● **Assigned task**: What is needed here is an exact repetition of the records below, beginning at the line that has "SteerAngleControllerFront : Subsystem" and stopping after the line that has "Discrete Derivative2/1 ->".

● **Records for the task**:
»»

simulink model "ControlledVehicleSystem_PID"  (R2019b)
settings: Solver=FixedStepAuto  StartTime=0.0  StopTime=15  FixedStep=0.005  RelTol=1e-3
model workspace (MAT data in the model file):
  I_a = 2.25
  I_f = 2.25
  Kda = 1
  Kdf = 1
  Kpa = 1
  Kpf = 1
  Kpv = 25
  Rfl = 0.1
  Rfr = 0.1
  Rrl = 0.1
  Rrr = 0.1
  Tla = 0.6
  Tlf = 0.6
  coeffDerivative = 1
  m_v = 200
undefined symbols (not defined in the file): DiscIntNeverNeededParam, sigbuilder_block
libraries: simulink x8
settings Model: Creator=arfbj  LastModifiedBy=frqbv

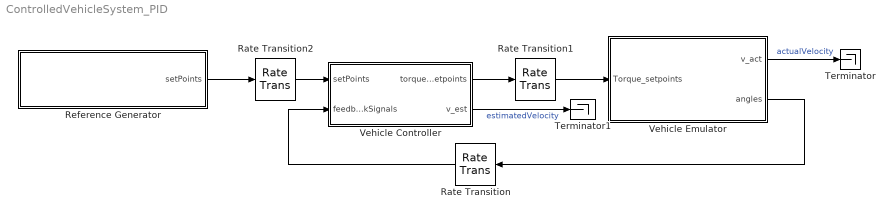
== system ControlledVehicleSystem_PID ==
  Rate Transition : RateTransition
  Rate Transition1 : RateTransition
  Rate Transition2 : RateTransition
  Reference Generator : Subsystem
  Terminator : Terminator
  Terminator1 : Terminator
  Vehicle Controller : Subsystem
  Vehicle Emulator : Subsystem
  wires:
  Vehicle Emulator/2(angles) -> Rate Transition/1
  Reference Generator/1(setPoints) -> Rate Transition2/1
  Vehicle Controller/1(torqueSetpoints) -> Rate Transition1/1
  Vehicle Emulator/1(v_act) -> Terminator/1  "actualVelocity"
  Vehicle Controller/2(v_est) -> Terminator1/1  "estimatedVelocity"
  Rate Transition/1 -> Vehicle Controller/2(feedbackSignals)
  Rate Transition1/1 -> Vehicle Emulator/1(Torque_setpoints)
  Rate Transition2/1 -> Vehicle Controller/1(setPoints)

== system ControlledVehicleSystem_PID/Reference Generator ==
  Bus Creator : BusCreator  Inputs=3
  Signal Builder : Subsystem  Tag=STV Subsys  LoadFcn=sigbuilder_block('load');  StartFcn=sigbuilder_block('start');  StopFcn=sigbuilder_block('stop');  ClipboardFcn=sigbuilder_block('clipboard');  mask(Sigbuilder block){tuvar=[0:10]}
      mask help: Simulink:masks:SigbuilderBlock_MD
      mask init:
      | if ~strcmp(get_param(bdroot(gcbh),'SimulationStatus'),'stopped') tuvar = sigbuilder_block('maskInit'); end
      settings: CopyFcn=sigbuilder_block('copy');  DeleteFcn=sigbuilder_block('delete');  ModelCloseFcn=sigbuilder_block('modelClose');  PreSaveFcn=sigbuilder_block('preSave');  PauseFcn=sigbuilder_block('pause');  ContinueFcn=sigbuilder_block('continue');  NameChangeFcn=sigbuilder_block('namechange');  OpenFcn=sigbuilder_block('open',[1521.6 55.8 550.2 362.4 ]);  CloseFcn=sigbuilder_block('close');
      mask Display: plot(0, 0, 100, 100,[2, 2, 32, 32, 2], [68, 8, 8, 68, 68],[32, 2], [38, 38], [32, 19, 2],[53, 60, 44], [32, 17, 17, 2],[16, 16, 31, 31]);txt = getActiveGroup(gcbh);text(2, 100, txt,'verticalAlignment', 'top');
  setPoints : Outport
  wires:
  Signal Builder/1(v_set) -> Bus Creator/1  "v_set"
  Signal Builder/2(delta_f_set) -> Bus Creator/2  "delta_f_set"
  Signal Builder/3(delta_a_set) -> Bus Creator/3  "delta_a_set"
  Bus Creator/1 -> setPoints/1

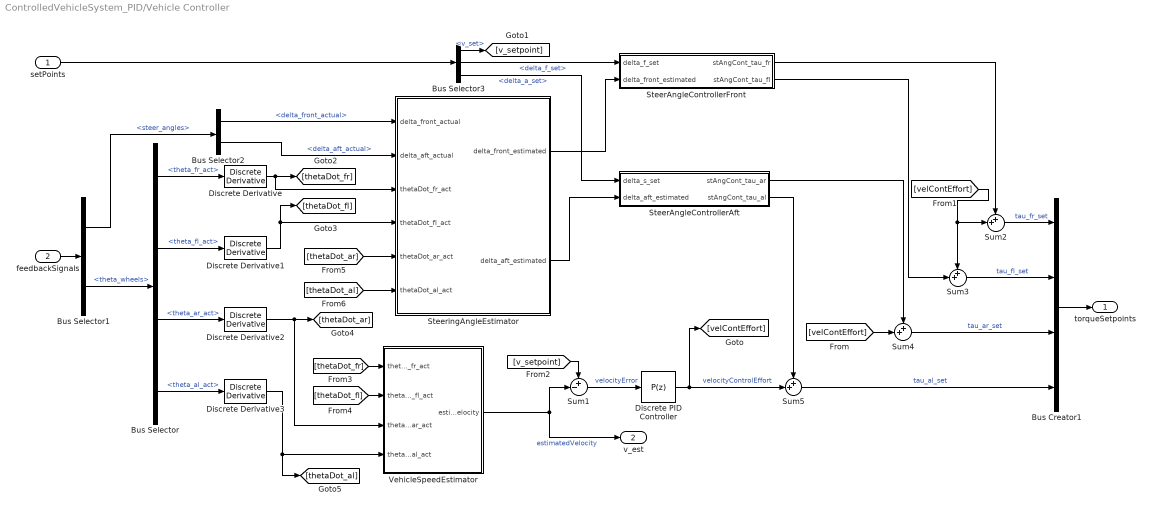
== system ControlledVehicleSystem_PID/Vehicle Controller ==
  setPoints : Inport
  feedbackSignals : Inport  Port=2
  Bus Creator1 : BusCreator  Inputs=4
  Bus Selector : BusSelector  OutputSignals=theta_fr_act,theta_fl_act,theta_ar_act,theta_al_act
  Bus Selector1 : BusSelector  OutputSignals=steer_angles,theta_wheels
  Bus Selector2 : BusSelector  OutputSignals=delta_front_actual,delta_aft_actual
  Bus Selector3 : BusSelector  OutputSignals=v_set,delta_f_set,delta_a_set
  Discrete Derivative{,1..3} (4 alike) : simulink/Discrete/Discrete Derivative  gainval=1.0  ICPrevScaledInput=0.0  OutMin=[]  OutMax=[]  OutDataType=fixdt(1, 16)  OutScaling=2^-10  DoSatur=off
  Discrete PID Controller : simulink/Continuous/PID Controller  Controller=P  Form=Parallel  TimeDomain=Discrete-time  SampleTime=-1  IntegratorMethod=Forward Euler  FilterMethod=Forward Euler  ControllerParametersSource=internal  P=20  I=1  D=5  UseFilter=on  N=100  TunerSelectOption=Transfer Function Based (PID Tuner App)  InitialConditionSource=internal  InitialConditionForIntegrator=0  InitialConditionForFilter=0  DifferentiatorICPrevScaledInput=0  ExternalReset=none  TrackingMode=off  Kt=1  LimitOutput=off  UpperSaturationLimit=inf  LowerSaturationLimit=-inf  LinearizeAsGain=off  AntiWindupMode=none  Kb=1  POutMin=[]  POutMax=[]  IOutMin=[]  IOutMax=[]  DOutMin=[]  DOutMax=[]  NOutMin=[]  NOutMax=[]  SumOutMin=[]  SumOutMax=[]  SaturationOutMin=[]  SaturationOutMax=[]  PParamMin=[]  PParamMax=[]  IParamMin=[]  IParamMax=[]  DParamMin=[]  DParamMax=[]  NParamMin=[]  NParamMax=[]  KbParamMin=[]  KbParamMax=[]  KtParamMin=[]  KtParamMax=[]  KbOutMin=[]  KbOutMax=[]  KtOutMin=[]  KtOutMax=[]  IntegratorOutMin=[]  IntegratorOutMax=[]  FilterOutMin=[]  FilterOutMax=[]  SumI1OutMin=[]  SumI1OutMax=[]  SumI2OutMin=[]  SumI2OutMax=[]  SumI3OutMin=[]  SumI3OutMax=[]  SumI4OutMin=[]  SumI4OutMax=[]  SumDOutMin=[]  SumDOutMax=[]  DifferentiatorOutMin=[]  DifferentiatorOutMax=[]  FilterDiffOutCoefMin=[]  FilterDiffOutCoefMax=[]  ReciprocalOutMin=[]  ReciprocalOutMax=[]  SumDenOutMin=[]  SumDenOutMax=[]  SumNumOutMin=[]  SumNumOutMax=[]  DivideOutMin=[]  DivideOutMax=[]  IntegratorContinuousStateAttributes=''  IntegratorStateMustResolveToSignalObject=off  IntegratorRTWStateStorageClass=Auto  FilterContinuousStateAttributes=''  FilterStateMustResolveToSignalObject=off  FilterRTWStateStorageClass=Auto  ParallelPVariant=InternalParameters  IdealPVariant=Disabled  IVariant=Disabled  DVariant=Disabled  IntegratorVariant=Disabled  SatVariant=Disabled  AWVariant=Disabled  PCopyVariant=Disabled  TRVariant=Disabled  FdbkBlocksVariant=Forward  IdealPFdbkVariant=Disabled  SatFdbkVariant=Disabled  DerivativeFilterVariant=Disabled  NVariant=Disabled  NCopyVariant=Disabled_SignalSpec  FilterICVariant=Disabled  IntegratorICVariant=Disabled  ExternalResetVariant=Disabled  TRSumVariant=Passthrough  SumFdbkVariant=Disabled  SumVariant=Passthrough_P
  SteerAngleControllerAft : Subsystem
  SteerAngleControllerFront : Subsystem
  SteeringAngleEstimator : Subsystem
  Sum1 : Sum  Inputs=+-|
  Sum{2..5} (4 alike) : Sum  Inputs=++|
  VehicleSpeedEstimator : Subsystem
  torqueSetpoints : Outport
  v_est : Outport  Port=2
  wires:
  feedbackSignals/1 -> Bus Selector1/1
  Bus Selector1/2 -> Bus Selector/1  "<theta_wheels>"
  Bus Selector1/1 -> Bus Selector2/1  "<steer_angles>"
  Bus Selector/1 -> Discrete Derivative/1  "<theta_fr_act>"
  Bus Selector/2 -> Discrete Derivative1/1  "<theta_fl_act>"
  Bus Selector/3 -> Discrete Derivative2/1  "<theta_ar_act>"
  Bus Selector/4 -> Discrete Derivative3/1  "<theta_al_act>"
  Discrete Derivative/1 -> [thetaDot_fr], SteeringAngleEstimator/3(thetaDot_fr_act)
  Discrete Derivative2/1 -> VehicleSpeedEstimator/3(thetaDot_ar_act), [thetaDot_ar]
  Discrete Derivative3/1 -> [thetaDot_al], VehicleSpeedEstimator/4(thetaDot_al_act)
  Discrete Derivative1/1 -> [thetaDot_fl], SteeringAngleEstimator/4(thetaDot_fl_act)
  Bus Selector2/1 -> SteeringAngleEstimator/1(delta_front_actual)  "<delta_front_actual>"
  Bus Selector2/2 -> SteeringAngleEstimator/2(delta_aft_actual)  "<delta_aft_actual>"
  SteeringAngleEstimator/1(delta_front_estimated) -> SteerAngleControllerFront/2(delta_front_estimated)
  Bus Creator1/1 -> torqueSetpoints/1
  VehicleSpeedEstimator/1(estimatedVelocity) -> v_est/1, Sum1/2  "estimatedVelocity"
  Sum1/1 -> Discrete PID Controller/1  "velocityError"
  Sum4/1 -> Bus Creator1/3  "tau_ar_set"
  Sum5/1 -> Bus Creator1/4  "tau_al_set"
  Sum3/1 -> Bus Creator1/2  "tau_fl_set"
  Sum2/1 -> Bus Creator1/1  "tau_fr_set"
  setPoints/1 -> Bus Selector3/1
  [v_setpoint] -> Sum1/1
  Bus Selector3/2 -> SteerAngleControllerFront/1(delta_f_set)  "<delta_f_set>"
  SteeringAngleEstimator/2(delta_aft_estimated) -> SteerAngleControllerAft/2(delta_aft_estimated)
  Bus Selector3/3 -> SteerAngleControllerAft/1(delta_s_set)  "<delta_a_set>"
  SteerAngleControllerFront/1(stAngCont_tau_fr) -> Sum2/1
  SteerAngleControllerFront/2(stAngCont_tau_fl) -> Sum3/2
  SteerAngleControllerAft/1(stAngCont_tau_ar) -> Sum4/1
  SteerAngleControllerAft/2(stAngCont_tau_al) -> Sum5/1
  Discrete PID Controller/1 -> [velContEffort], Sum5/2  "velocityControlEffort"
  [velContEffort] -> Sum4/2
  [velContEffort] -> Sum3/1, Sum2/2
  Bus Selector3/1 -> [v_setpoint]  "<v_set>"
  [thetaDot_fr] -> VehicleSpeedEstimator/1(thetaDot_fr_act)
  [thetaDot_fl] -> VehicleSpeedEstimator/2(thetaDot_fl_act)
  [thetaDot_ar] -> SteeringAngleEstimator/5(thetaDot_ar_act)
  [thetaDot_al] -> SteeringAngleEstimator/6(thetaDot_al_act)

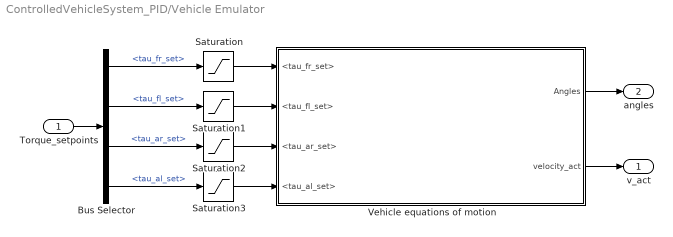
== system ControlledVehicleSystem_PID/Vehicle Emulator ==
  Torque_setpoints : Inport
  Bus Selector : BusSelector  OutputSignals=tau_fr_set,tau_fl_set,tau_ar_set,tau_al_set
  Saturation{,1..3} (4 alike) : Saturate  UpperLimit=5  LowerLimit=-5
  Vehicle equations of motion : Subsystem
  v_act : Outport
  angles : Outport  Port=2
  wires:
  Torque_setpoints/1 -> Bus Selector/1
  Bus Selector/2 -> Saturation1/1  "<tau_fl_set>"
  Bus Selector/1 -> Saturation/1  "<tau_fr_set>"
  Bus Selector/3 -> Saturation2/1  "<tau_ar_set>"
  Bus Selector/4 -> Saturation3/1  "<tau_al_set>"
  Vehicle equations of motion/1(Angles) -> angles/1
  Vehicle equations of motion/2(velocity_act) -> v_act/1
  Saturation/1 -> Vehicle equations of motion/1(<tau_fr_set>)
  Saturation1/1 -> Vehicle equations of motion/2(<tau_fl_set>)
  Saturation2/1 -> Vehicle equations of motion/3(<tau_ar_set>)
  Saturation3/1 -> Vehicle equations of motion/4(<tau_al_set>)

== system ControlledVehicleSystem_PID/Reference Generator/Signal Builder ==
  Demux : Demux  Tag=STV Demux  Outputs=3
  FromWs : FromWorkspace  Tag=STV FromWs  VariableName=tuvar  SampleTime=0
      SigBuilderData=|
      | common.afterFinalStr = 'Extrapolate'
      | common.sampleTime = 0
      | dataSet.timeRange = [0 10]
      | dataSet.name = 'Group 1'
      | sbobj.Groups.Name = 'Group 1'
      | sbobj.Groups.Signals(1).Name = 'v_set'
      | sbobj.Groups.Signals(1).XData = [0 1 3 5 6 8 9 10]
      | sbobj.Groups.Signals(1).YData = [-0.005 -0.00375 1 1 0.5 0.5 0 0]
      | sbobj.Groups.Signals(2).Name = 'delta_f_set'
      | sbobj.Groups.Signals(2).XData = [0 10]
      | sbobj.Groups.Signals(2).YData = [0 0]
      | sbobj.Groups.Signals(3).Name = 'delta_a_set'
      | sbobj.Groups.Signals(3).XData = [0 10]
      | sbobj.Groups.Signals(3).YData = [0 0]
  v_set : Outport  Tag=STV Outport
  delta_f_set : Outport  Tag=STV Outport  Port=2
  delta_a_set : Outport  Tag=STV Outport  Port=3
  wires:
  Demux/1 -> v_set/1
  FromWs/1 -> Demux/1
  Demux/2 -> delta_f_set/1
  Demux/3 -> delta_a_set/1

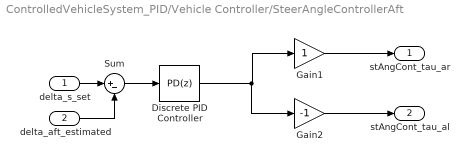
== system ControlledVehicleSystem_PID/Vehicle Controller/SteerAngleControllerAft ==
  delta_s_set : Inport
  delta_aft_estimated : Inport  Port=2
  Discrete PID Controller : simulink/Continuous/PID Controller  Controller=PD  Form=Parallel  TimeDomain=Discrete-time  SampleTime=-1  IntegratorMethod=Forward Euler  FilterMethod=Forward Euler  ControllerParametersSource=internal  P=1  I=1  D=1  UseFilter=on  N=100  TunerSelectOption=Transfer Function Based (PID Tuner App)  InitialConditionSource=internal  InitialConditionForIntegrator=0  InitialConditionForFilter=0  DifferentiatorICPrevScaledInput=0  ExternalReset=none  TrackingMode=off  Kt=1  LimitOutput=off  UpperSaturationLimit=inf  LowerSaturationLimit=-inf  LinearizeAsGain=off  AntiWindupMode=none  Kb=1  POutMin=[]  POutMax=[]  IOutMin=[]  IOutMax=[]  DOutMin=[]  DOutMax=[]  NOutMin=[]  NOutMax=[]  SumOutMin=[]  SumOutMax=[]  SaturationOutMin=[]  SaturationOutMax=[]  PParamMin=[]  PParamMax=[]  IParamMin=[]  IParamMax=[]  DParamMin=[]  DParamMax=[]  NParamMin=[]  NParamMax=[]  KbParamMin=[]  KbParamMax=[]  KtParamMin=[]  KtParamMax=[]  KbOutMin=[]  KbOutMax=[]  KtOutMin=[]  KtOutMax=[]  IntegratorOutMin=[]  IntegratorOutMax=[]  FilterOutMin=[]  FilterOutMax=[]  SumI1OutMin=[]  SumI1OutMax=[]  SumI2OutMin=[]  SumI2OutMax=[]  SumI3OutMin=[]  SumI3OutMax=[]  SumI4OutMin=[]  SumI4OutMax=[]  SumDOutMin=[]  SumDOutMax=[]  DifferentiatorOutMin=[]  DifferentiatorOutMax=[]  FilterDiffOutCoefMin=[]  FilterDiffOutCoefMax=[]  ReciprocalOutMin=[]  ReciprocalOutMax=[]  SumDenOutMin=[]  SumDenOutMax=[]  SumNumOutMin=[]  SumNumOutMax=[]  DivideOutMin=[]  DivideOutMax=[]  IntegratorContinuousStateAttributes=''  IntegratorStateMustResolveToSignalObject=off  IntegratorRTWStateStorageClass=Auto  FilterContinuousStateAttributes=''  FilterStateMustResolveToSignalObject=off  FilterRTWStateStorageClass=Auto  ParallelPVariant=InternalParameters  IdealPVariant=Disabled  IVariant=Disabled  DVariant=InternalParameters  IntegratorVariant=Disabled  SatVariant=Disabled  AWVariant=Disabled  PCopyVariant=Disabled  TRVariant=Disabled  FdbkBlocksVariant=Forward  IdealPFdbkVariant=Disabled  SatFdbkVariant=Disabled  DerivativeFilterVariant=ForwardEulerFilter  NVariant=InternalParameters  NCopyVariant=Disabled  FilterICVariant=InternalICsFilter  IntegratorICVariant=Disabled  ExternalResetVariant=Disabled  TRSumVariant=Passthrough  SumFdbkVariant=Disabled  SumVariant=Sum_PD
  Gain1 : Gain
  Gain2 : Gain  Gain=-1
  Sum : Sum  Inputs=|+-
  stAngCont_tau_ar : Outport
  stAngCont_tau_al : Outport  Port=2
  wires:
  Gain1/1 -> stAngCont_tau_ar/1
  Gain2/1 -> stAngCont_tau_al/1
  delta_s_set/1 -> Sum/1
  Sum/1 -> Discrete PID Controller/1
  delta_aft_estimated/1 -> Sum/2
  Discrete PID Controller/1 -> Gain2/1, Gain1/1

««

● **Worked solution**:
  SteerAngleControllerFront : Subsystem
  SteeringAngleEstimator : Subsystem
  Sum1 : Sum  Inputs=+-|
  Sum{2..5} (4 alike) : Sum  Inputs=++|
  VehicleSpeedEstimator : Subsystem
  torqueSetpoints : Outport
  v_est : Outport  Port=2
  wires:
  feedbackSignals/1 -> Bus Selector1/1
  Bus Selector1/2 -> Bus Selector/1  "<theta_wheels>"
  Bus Selector1/1 -> Bus Selector2/1  "<steer_angles>"
  Bus Selector/1 -> Discrete Derivative/1  "<theta_fr_act>"
  Bus Selector/2 -> Discrete Derivative1/1  "<theta_fl_act>"
  Bus Selector/3 -> Discrete Derivative2/1  "<theta_ar_act>"
  Bus Selector/4 -> Discrete Derivative3/1  "<theta_al_act>"
  Discrete Derivative/1 -> [thetaDot_fr], SteeringAngleEstimator/3(thetaDot_fr_act)
  Discrete Derivative2/1 -> VehicleSpeedEstimator/3(thetaDot_ar_act), [thetaDot_ar]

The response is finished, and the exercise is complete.